HHC clinicians identified a range of barriers and facilitators to delivering family caregiver training during HHC; particularly highlighting the role of clinician-caregiver communication. To support caregiver training in this setting, there is a need for updated reimbursement structures supporting greater visit flexibility, improved discharge communication between hospital and HHC, and structured communication aids to facilitate caregiver engagement and assessment.

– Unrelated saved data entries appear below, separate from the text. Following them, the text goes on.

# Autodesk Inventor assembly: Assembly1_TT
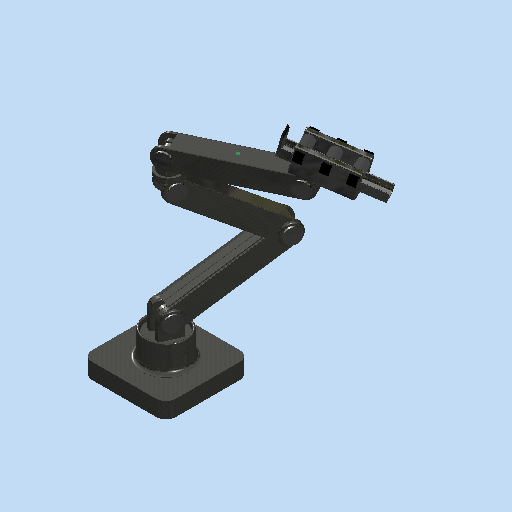
[picture p0: Inventor's stored thumbnail of the model, 512x512]
Saved by Autodesk Inventor 2027.1 (Build 311270010, 270A)
## iProperties
Created: 2026-08-27
Part Number: Assembly1_TT
Document SubType Name: Assembly
Designer: RIDDHIMAN
Author: RIDDHIMAN
## Documents named in this file (12)
- D:\ZINE ROUND 2\Assembly1_TT.iam
- D:\ZINE ROUND 2\HANDBASE2.ipt
- D:\ZINE ROUND 2\TT_ARM1.ipt
- D:\ZINE ROUND 2\TT_ARM12.ipt
- D:\ZINE ROUND 2\HANDBASE1.ipt
- D:\ZINE ROUND 2\joint1.ipt
- D:\ZINE ROUND 2\joint2.ipt
- D:\ZINE ROUND 2\JOINT BASE2.ipt
- D:\ZINE ROUND 2\JOINT BASE1.ipt
- D:\ZINE ROUND 2\SHOOTING GUN.ipt
- D:\ZINE ROUND 2\ROLLER SHAFT.ipt
- D:\ZINE ROUND 2\ROLLER.ipt
## Components (19 placed, 11 different names)
1. HANDBASE2:1 — Rotational:3
2. TT_ARM1:1 — Rotational:1, Rotational:2, Rigid:2
3. TT_ARM12:1 — Rotational:2, Rigid:1, Rigid:3, Rotational:4
4. HANDBASE1:1 — Rotational:1, Rotational:3
5. joint1:1 — Rigid:1
6. joint1:2 — Rigid:2
7. joint2:1 — Rigid:3
8. JOINT BASE2:1 — Rotational:5, Rotational:6
9. TT_ARM12:2 — Rotational:6, Rigid:4, Rotational:7
10. JOINT BASE1:1 — Rotational:4, Rotational:5
11. joint2:2 — Rigid:4
12. SHOOTING GUN:1 — Rotational:7, Rigid:5, Rigid:6, Rigid:7, Rigid:8
13. joint2:3 — Rigid:5
14. ROLLER SHAFT:1 — Rotational:8, Rigid:6
15. ROLLER:1 — Rotational:8
16. ROLLER SHAFT:2 — Rigid:7
17. ROLLER:2
18. ROLLER SHAFT:3 — Rigid:8
19. ROLLER:3
## Relationships (18: RevoluteJoint 10, WeldJoint 8)
- Rotational:1 [RevoluteJoint]: TT_ARM1:1 ↔ HANDBASE1:1
- Rotational:2 [RevoluteJoint]: TT_ARM1:1 ↔ TT_ARM12:1
- Rotational:3 [RevoluteJoint]: HANDBASE2:1 ↔ HANDBASE1:1
- Rigid:1 [WeldJoint]: TT_ARM12:1 ↔ joint1:1
- Rigid:2 [WeldJoint]: TT_ARM1:1 ↔ joint1:2
- Rigid:3 [WeldJoint]: TT_ARM12:1 ↔ joint2:1
- Rotational:4 [RevoluteJoint]: TT_ARM12:1 ↔ JOINT BASE1:1
- Rotational:5 [RevoluteJoint]: JOINT BASE2:1 ↔ JOINT BASE1:1
- Rotational:6 [RevoluteJoint]: JOINT BASE2:1 ↔ TT_ARM12:2
- Rigid:4 [WeldJoint]: TT_ARM12:2 ↔ joint2:2
- Rotational:7 [RevoluteJoint]: TT_ARM12:2 ↔ SHOOTING GUN:1
- Rigid:5 [WeldJoint]: SHOOTING GUN:1 ↔ joint2:3
- Rotational:8 [RevoluteJoint]: ROLLER SHAFT:1 ↔ ROLLER:1
- Rigid:6 [WeldJoint]: SHOOTING GUN:1 ↔ ROLLER SHAFT:1
- [RevoluteJoint]: ROLLER SHAFT:2 ↔ ROLLER:2
- Rigid:7 [WeldJoint]: SHOOTING GUN:1 ↔ ROLLER SHAFT:2
- [RevoluteJoint]: ROLLER SHAFT:3 ↔ ROLLER:3
- Rigid:8 [WeldJoint]: SHOOTING GUN:1 ↔ ROLLER SHAFT:3
## Named parameters: d45_d40 = 0 mm, d46_d41 = -167.424614 deg, d48_d40 = 0 mm, d49_d41 = -10.224258 deg
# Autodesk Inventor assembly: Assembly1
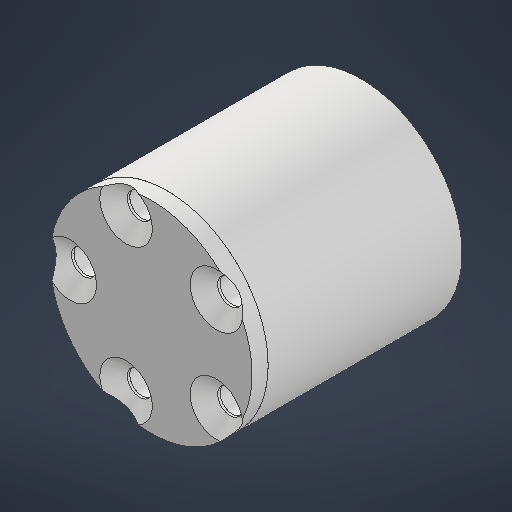
[picture p0: Inventor's stored thumbnail of the model, 512x512]
Saved by Autodesk Inventor 2026.2 (Build 302298010, 298A)
## iProperties
Created: 2026-05-11
Part Number: Assembly1
Document SubType Name: Assembly
Designer: karol
Author: karol
## Documents named in this file (4)
- C:\Users\karol\OneDrive\Dokumenty\GitHub\bolt\bolt\cad\odlew forma\Assembly1.iam
- C:\Users\karol\OneDrive\Dokumenty\GitHub\bolt\bolt\cad\printing parts\rim-v1.ipt
- C:\Users\karol\OneDrive\Dokumenty\GitHub\bolt\bolt\cad\odlew forma\formadol.ipt
- C:\Users\karol\OneDrive\Dokumenty\GitHub\bolt\bolt\cad\odlew forma\forma gora.ipt
## Components (3 placed, 3 different names)
1. rim-v1:1 — Flush:1
2. formadol:1 — Flush:1, Flush:2
3. forma gora:1 — Flush:2
## Relationships (2: Flush 2)
- Flush:1 (0.2032 mm): rim-v1:1 ↔ formadol:1
- Flush:2: formadol:1 ↔ forma gora:1
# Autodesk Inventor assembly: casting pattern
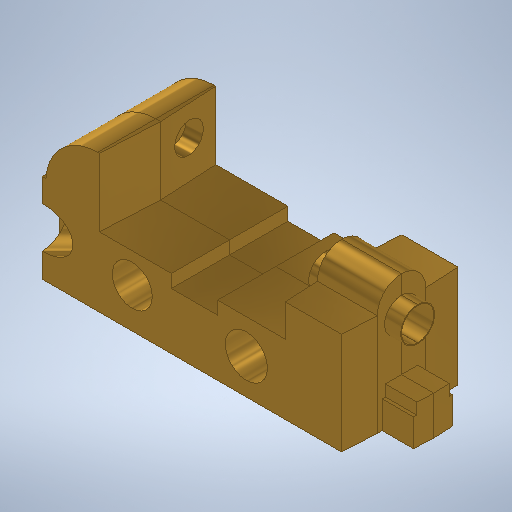
[picture p0: Inventor's stored thumbnail of the model, 512x512]
Saved by Autodesk Inventor 2025.2 (Build 292293000, 293)
## iProperties
Created: 2024-05-01
Part Number: casting pattern
Document SubType Name: Assembly
Designer: abdal
Author: abdal
## Documents named in this file (3)
- C:\Users\abdal\Desktop\FINAL MECHANICAL MOVMENT WITH STAND\casting pattern\casting pattern\casting pattern.iam
- C:\Users\abdal\Desktop\FINAL MECHANICAL MOVMENT WITH STAND\casting pattern\casting pattern\Casting Project right.ipt
- C:\Users\abdal\Desktop\FINAL MECHANICAL MOVMENT WITH STAND\casting pattern\casting pattern\Casting Project left.ipt
## Components (2 placed, 2 different names)
1. Casting Project right:1
2. Casting Project left:1 — Mate:1, Angle:1, Mate:2, Angle:2
## Relationships (4: Mate 2, Angle 2)
- Mate:1: Casting Project left:1
- Angle:1 (0 deg): Casting Project left:1
- Mate:2: Casting Project left:1
- Angle:2 (-45 deg): Casting Project left:1

在医疗保险家庭保健护理(HHC)期间,家庭护理员的协助通常是实施护理计划和避免再次入院的重要组成部分。HHC 临床医生(护士和物理治疗师[PT])提供的家庭护理员培训有助于确保在 HHC 工作人员不在场时,护理员能够安全地协助。然而,在 HHC 期间,家庭护理员的培训需求经常得不到满足,增加了患者不良结局的风险。HHC 临床医生在提供必要的家庭护理员培训方面面临的挑战,这方面存在着关键的知识差距。
采用多地点定性研究方法,对四家 HHC 机构的注册护士(n=11)和物理治疗师(n=8)进行半结构化深入关键知情人访谈。参与的机构在农村性、规模、所有权和地理位置方面各不相同。对关键知情人访谈进行了录音、转录,并使用定向内容分析进行分析,以确定 HHC 期间家庭护理员培训的现有促进因素和障碍。
临床医生平均有 9.3 年(范围 1.5-23 年)的 HHC 经验,平均年龄为 45.1 岁(范围 28-63 岁),95%为女性。临床医生确定了在个人、人际和结构层面提供家庭护理员培训的促进因素和障碍。最突出的因素包括临床医生与护理员的沟通和融洽关系、医院出院信息的准确性,以及获得额外访问和社会工作咨询等资源的机会。临床医生指出,COVID-19 大流行给提供家庭护理员培训带来了额外的挑战,包括护理员在出院前减少了与医院工作人员的接触。
HHC 临床医生确定了在 HHC 期间提供家庭护理员培训的一系列障碍和促进因素;特别强调了临床医生与护理员沟通的作用。为了在这种环境下支持护理员培训,需要更新报销结构,支持更多访问灵活性,改善医院与 HHC 之间的出院沟通,并制定结构化的沟通工具,以促进护理员的参与和评估。